One reason we stopped going,no more Lightnings and Phantoms doing their stuff,plus,H&S,stopped "Hairy Bot******d French jets cutting your hair while flying low   
"All clear above and behind..."
hulltramper aka "........ Ace " :roll:


----------



## hulltramper (Nov 2, 2013)

Hi.
RIAT ? Fairford. Look uo "Kempsford camping",Camp is just outside perimiter fence,own access on show days,toilets,showers,bar,shop,own large camp space.
We used to go tuesday before the show,watch the static aircraft fly in,see the others practice setting up the display patterns overhead,(Mini show ) and stay over until the monday to see them fly out. Good feel on site,when we went there was no thieving or trouble.
Treat yourselves to a VIP pass,you are then centre line for all the airbourne displays, and can move between the stands and the grass area at will,restaurant there as well,if i remember.
One reason we stopped going,no more Lightnings and Phantoms doing their stuff,plus,H&S,stopped "Hairy Bot******d French jets cutting your hair while flying low   
"All clear above and behind..."
hulltramper aka "........ Ace " :roll:


----------



## esperelda (Sep 17, 2010)

We've booked to go on a rally at the Fairford Royal International air show, 15 July. Rally is with the Gloucester CC Centre. We've booked a week, but you could go for less I think. It was recommended to us, the rally field is apparently right next to the airfield so that you can see all the action.


----------



## Spacerunner (Mar 18, 2006)

C&CC have a site at Airwick Gatport. Its almost at the end of the runway!
Don't 'arf make yer duck sometimes!


----------



## Landyman (Apr 3, 2010)

For RIAT at Fairford (17th - 19th July) both the CC and the C&CC have rally sites very close by. As others have said there is also Kempsford site that is very popular.

For RNAS Yeovilton Air Day (11th July) there is camping on their site just across the road from the museum.

Dunsfold Wings & Wheels (29th-30th August) always have a campsite on the edge of the airfield.

For most other shows there are usually CL or CS's close by or commercial sites if you need all the facilities.

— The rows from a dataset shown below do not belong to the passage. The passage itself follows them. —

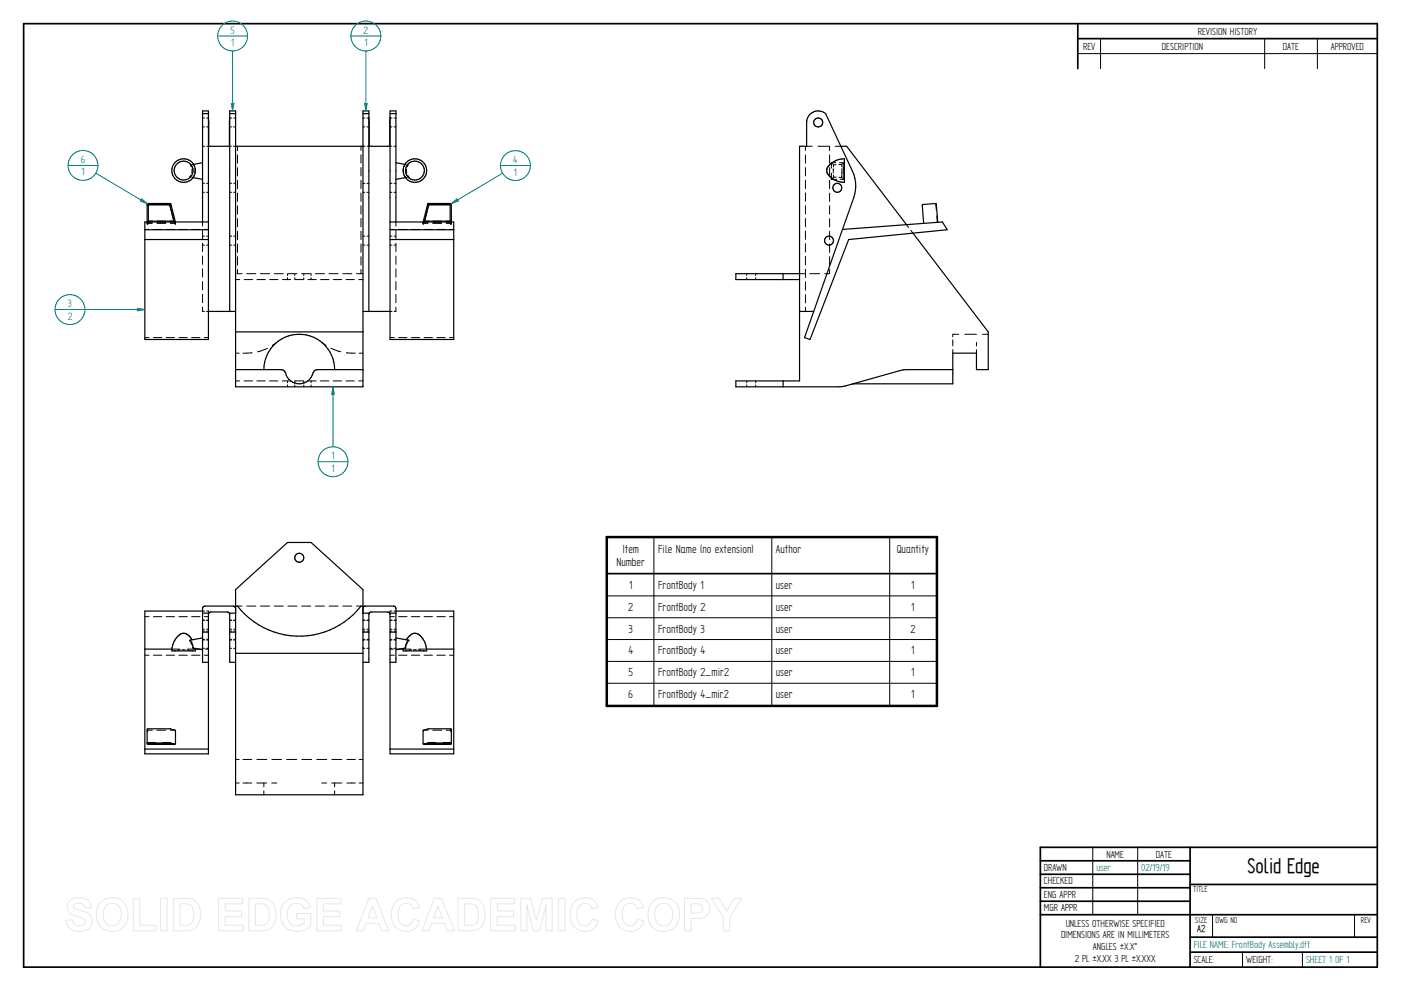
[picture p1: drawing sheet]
<svg xmlns="http://www.w3.org/2000/svg" width="594mm" height="420mm" viewBox="0 0 594 420" stroke-linecap="round" stroke-linejoin="round" font-family="sans-serif">
<g fill="none" stroke="#000" stroke-width=".72">
<path d="M10 10h574v400h-574zM457 10v19.1M457 16.4h127M504.6 359.2v50.8M584 359.2h-142.9v50.8M441.1 365h63.5M441.1 370.7h63.5M441.1 376.4h63.5M504.6 375h79.4M441.1 382.1h63.5M441.1 387.8h142.9M504.6 397.3h79.4"/>
<path d="M504.6 403.7h79.4"/>
</g>
<g fill="none" stroke="#000" stroke-width=".42">
<path d="M466.7 16.4v12.7M536.3 16.4v12.7M558.6 16.4v12.7M457 22.7h127M85.9 50h.8M85.9 53.8h.8M87.6 53.8h.8M87.6 50h.8M97.4 50h.8M97.4 53.8h.8M99.1 53.8h.8M99.1 50h.8"/>
<path d="M153.9 50h.8M153.9 53.8h.8M155.6 53.8h.8M155.6 50h.8M165.4 50h.8M165.4 53.8h.8M167.1 53.8h.8M167.1 50h.8M80.9 74.3l-.5 .8h.5M81.1 69.8l-.4 .1 .4 .8M81.4 75.2l.3 .1M81.4 71.7l-.1 1.7"/>
<path d="M81.7 75.3h.2M82 69.7l.4 .9M82 69.7l-.4 .1M82.1 69.7h-.1M82.2 74.5l-.5 .8M82.7 71.5l-.1 2M85.9 62h.8M85.9 77.7h.8M87.6 77.7h.8M87.7 62h.8M97.3 62h.8M97.4 77.7h.8"/>
<path d="M99 62h.9M99.1 77.7h.8M100.7 62v1.8M100.7 65.7v3.5M100.7 71.1v3.5M100.7 76.5v3.5M153.1 62v1.8M153.1 65.6v3.6M153.1 71v3.6M153.1 76.4v3.6M153.9 62h.9M153.9 77.7h.8"/>
<path d="M155.6 77.7h.8M155.7 62h.8M165.3 62h.9M165.4 77.7h.8M167 62h.9M167.1 77.7h.8M171.1 71.5l.1 2M171.5 74.5l.5 .8M171.7 69.7h.1M171.8 69.7l-.4 .9M171.8 69.7l.4 .1M172 75.3h-.1"/>
<path d="M172.4 71.7l.1 1.7M172.5 75.2l-.5 .1M172.7 69.8l.4 .1-.5 .8M172.9 74.3l.5 .8h-.5M341.5 62v1.8M341.5 65.7v3.5M341.5 71v3.6M341.5 76.4v3.6M342 62h2.4M346.9 62h4.8l.1 1.8M351.8 65.7v3.5M351.8 71.1v3.5"/>
<path d="M351.8 76.5v3.5M352.5 69.3v2M352.5 73.4v2M352.7 69.1l.2 .3M352.8 69h1.6M353.1 75.4l-.2 .2M353.2 69.7l.3 .2M353.3 71.6h.1M353.3 71.6v1.8M353.4 76h1.4M353.4 74.3l.1 .8M353.5 69.9l-.1 .9"/>
<path d="M353.5 75.1l-.2 .1M353.5 75.1h1.1M354.2 62h2.4M354.5 69.8l-1 .1M355.8 75.2l1 .1M356 69h1.5M356.2 76h1.3M356.8 75.3l.2 .2M356.9 69.7v.9M356.9 69.7l-1.2 .1M356.9 74.4l-.1 .9M356.9 73.4h.1"/>
<path d="M357 71.6l-.1 1.8M357.1 69.5l-.2 .2M357.3 75.8l.2 .2M357.5 69v2.3M357.5 73.7v2.3M357.5 69l-.2 .3M357.6 71v2.6M357.8 75l.2 1.3M358 68.3l-.2 1.3M61.4 97.3h1.8M62.4 94.3h.1M62.4 94.1h.1"/>
<path d="M62.4 94.3v.1M62.4 94.5v.2M62.4 94.7h.1M62.4 86.9v.1M62.5 86.8h.1M62.5 94.3h.1M62.6 86.7l-.1 .1M62.6 94.2h.1M62.7 94.7h.1M62.7 86.7h.1M62.7 94.7h1.9M62.7 94.2h1.9"/>
<path d="M62.9 93.8h.1M62.9 93.8h1.8M65.1 97.3h3.5M66.5 93.8h3.6M66.5 94.7h3.8M66.5 94.2h3.8M70.4 97.3h3.6M72 93.8h1.7M72.2 94.7h2M72.2 94.2h1.9M73.7 93.8h.1M74.1 94.2h.1"/>
<path d="M74.2 94.2h.1M74.3 94.7h.1M74.3 94.3h.1M74.4 94.1h.1M74.4 94.3h.1M74.4 94.7h.1M74.4 94.3v.1M74.4 94.5v.2M75.9 97.3h3.5M81.2 97.3h3.6M85.9 94.1v1.7M85.9 97.7v3.6"/>
<path d="M85.9 81.5h.8M86.6 97.3h1.8M87.6 81.5h.8M97.4 81.5h.8M99.1 81.5h.8M100.7 81.9v3.5M100.7 87.2v3.6M100.7 92.7v3.5M100.7 98v3.6M153.1 81.8v3.6M153.1 87.2v3.6M153.1 92.6v3.6"/>
<path d="M153.1 98v3.6M153.9 81.5h.8M155.6 81.5h.8M165.4 97.3h1.8M165.4 81.5h.8M167.1 81.5h.8M167.9 94.1v1.7M167.9 97.7v3.6M169 97.3h3.6M174.4 97.3h3.6M179.4 94.3h.1M179.4 94.7h.1"/>
<path d="M179.4 94.3v.1M179.4 94.5v.2M179.4 94.1h.1M179.5 94.7h.1M179.6 94.2l-.1 .1M179.7 94.7h.1M179.7 94.2h.1M179.7 94.7h1.9M179.7 94.2h1.9M179.8 97.3h3.6M180 93.8h.1M180 93.8h1.8"/>
<path d="M183.5 94.7h3.8M183.5 94.2h3.8M183.6 93.8h3.6M185.2 97.3h3.6M189.1 93.8h1.8M189.2 94.7h1.9M189.2 94.2h1.9M190.6 97.3h1.8M190.9 93.8h.1M191.1 94.7h.1M191.1 94.2h.1M191.2 94.7h.1"/>
<path d="M191.3 94.7h.1M191.4 94.3h.1M191.4 94.1h.1M191.4 94.3v.1M191.4 94.5v.2M341.5 81.8v3.5M341.5 87.2v3.5M341.5 92.6v3.5M341.5 98v3.5M351.8 81.9v3.5M351.8 87.2v3.6M351.8 92.7v3.5"/>
<path d="M351.8 98v3.6M384.4 95.2l.9 1.2M386.2 97.7l.9 1.1M396.9 86.8h.1M396.9 86.8l.1 2.3M397 86.8h.1M397.2 91.5l.2 2.3M397.4 93.8h.1M397.5 93.8h.1M85.9 103.1v3.6M85.9 108.5v3.6M85.9 114v3.5"/>
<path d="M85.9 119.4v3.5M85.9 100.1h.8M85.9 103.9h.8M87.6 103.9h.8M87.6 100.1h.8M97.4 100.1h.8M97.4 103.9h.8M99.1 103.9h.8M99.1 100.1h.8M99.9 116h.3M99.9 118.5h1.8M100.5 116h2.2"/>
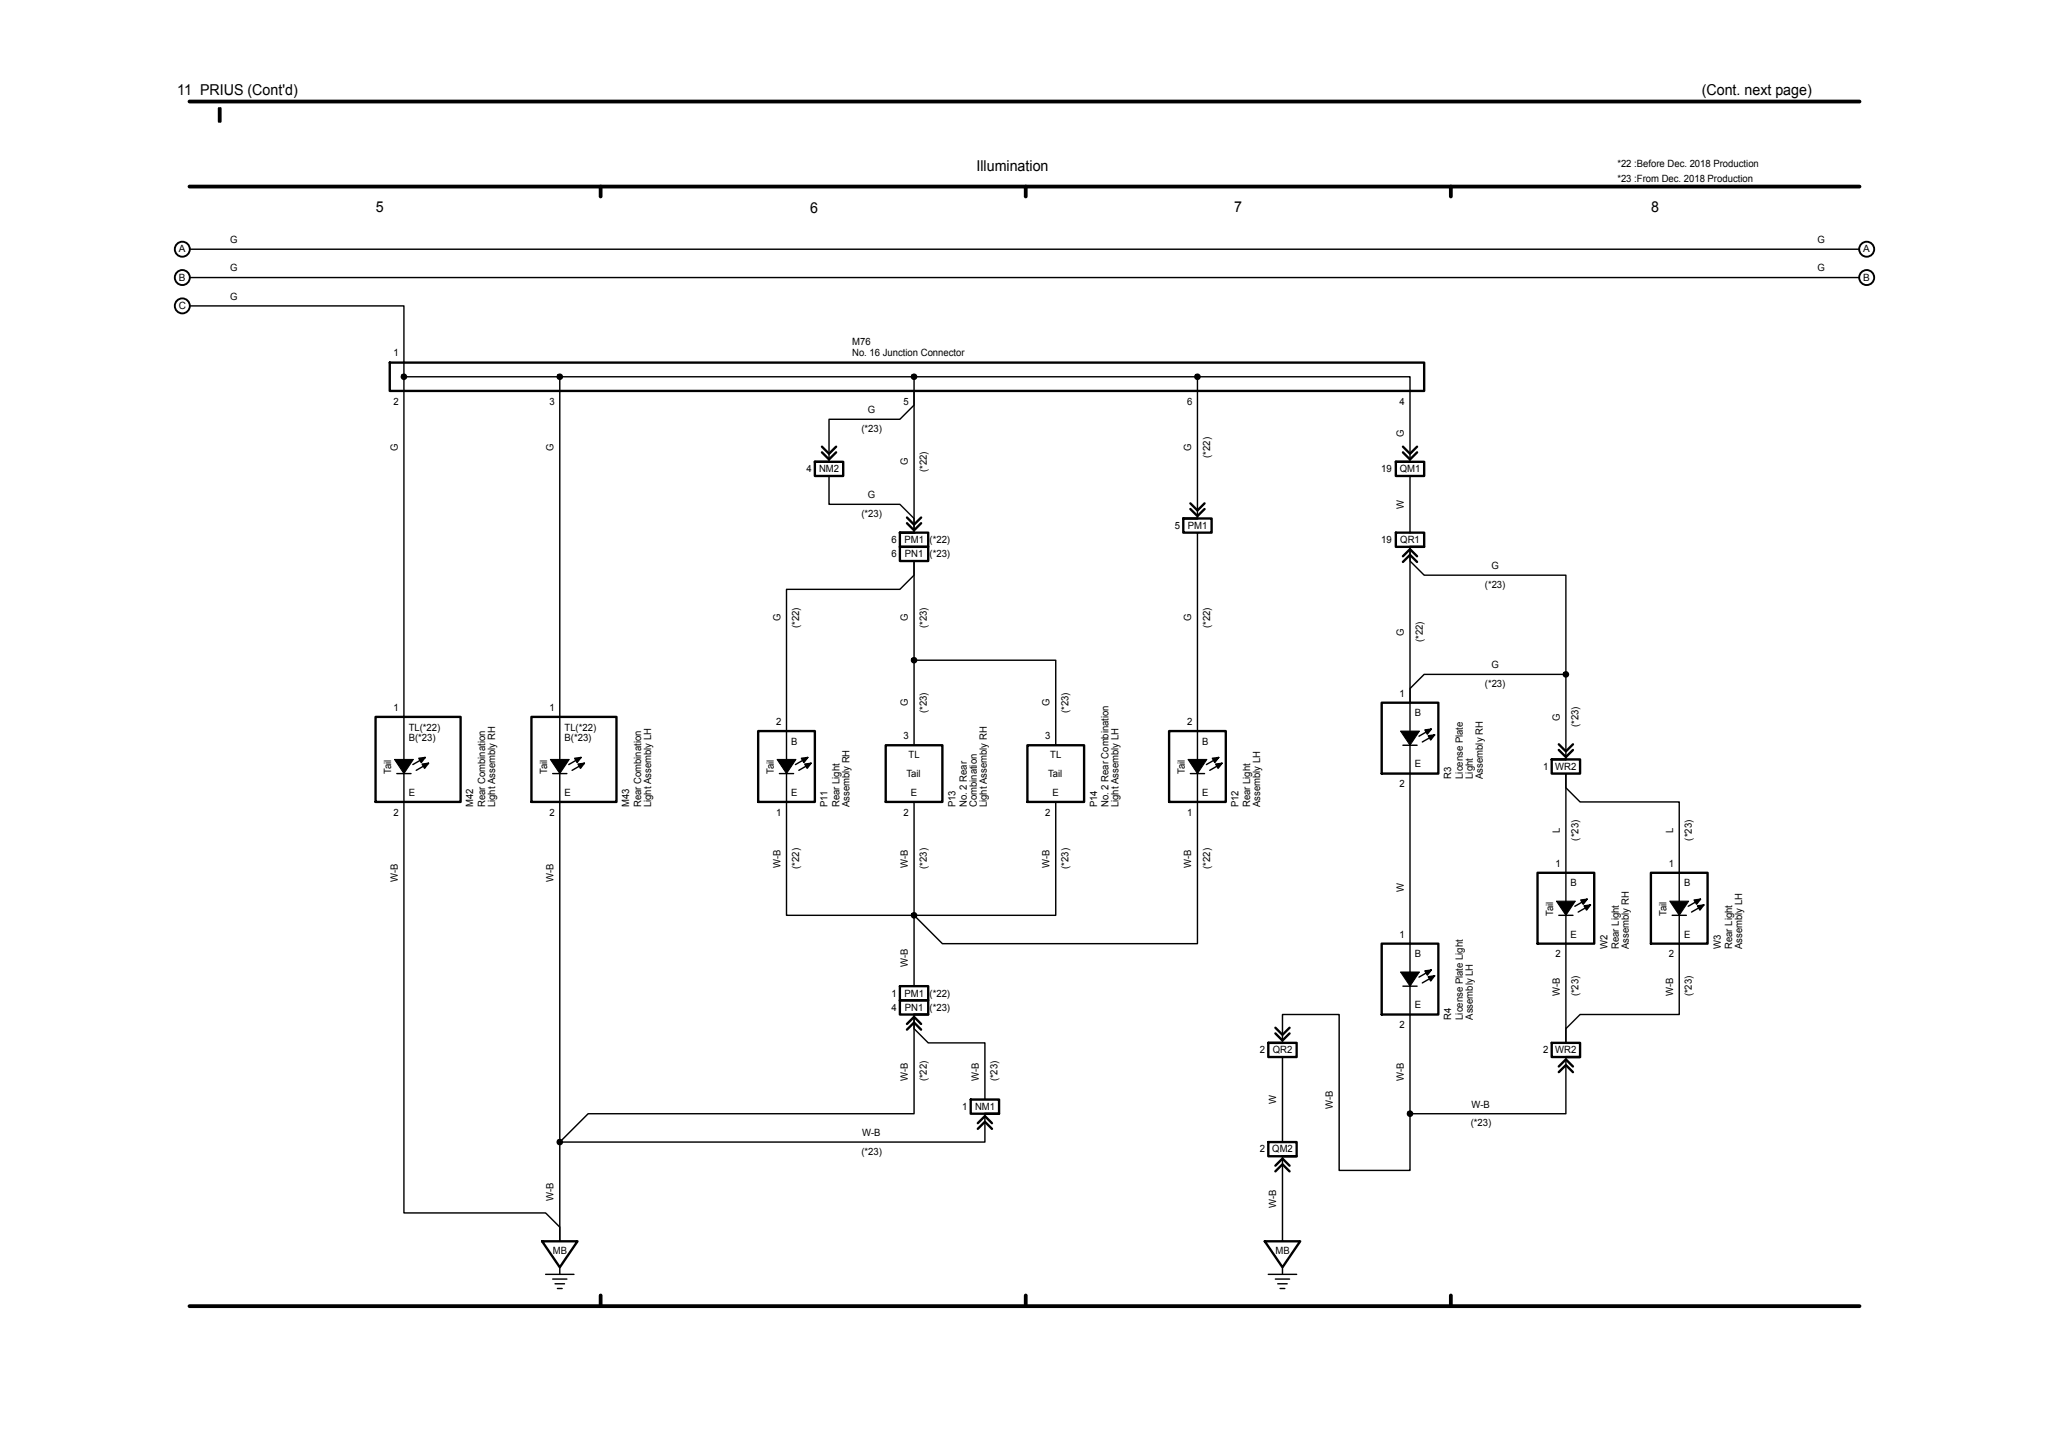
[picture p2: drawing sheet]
<svg xmlns="http://www.w3.org/2000/svg" width="297mm" height="210mm" viewBox="0 0 297 210" stroke-linecap="round" stroke-linejoin="round" font-family="sans-serif">
<path d="M27.5 14.7h242M27.5 27h242M87.1 27v1.5M148.7 27v1.5M210.3 27v1.5M27.5 189.3h242M87.1 187.7v1.5M148.7 187.7v1.5M210.3 187.7v1.5" fill="none" stroke="#000" stroke-width=".55"/>
<g fill="none" stroke="#000" stroke-width=".34">
<path d="M31.7 15.7v1.9M31.9 15.7v1.9M56.5 52.6h149.9v4.1h-149.9zM118.1 66.9h4.1v2.1h-4.1zM118.1 66.9h2.1M119.1 64.7l1.1 1.1 1-1.1M119.1 65.6l1.1 1 1-1M130.4 79.3h4.1v2h-4.1zM130.4 77.2h4.1v2.1h-4.1zM130.4 77.2h2.1M131.5 75.8l1 1.1 1-1.1M131.5 75l1 1 1-1"/>
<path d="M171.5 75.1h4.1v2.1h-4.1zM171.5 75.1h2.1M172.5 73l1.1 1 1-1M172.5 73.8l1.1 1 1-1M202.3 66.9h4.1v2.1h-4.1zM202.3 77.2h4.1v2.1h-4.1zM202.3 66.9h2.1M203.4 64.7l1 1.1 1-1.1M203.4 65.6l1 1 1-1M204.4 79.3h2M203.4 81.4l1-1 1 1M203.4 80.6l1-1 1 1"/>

Don't all book pitches too soon though as we might need space as well if we can't blag our way onto the airfield for the weekend.   

Richard.


----------



## cabby (May 14, 2005)

Unfortunately Airbourne at Eastbourne a free 4 day event has no close campsite, nearest is C&CC Normans Bay.

cabby


----------



## mistycat (Jan 28, 2014)

Forget Kempsford for the riat,
you are on the wrong side :lol: :lol: 
Totterdown farm is the place to be,
we go every year Thursday till Monday, we always use to go to Kempsford which I admit is the best site, but always use to see the guys on the hill in my photos, so went on a mission to find out,
found out about totterdown farm and never looked back,
you will need to get in touch with simon soon because most of us have a regular pitch and the rest get sold up quick,
showers and elsan are nothing to write home about BUT BUT
the thing I go for,,,,,,,,
is them planes jets that turn and burn above you and when I say above you I mean above you,
one year a B52 was so low over us I thought it would hit the tree, google it it might still be around,
the Lancaster always flies over the site so low you could almost shake the pilots hand as he is waving at us,
if you don't like the smell yes you get it there and the noise you are better off on the other side,
another place is rhymes farm you get some good shots at the crash gate,
Totterdown is also like a grandstand for the airfield, and we have always had the spitfire do us a display on the sat evening
sorry to go on touched a nerve,
   
Misty

cost is £13 per person per night, well worth it
there is a C&CC Temp site which is £15 per unit a night which is down by the runway good for landings,


----------



## mistycat (Jan 28, 2014)

georgiemac said:


> Southport have an air show around August/September usually with red arrows - you can stay on the Pleasureland site (always busy) its about £7/8 per night - grey water and toilet emptying and fresh water or even posher - the CC club site further down the road.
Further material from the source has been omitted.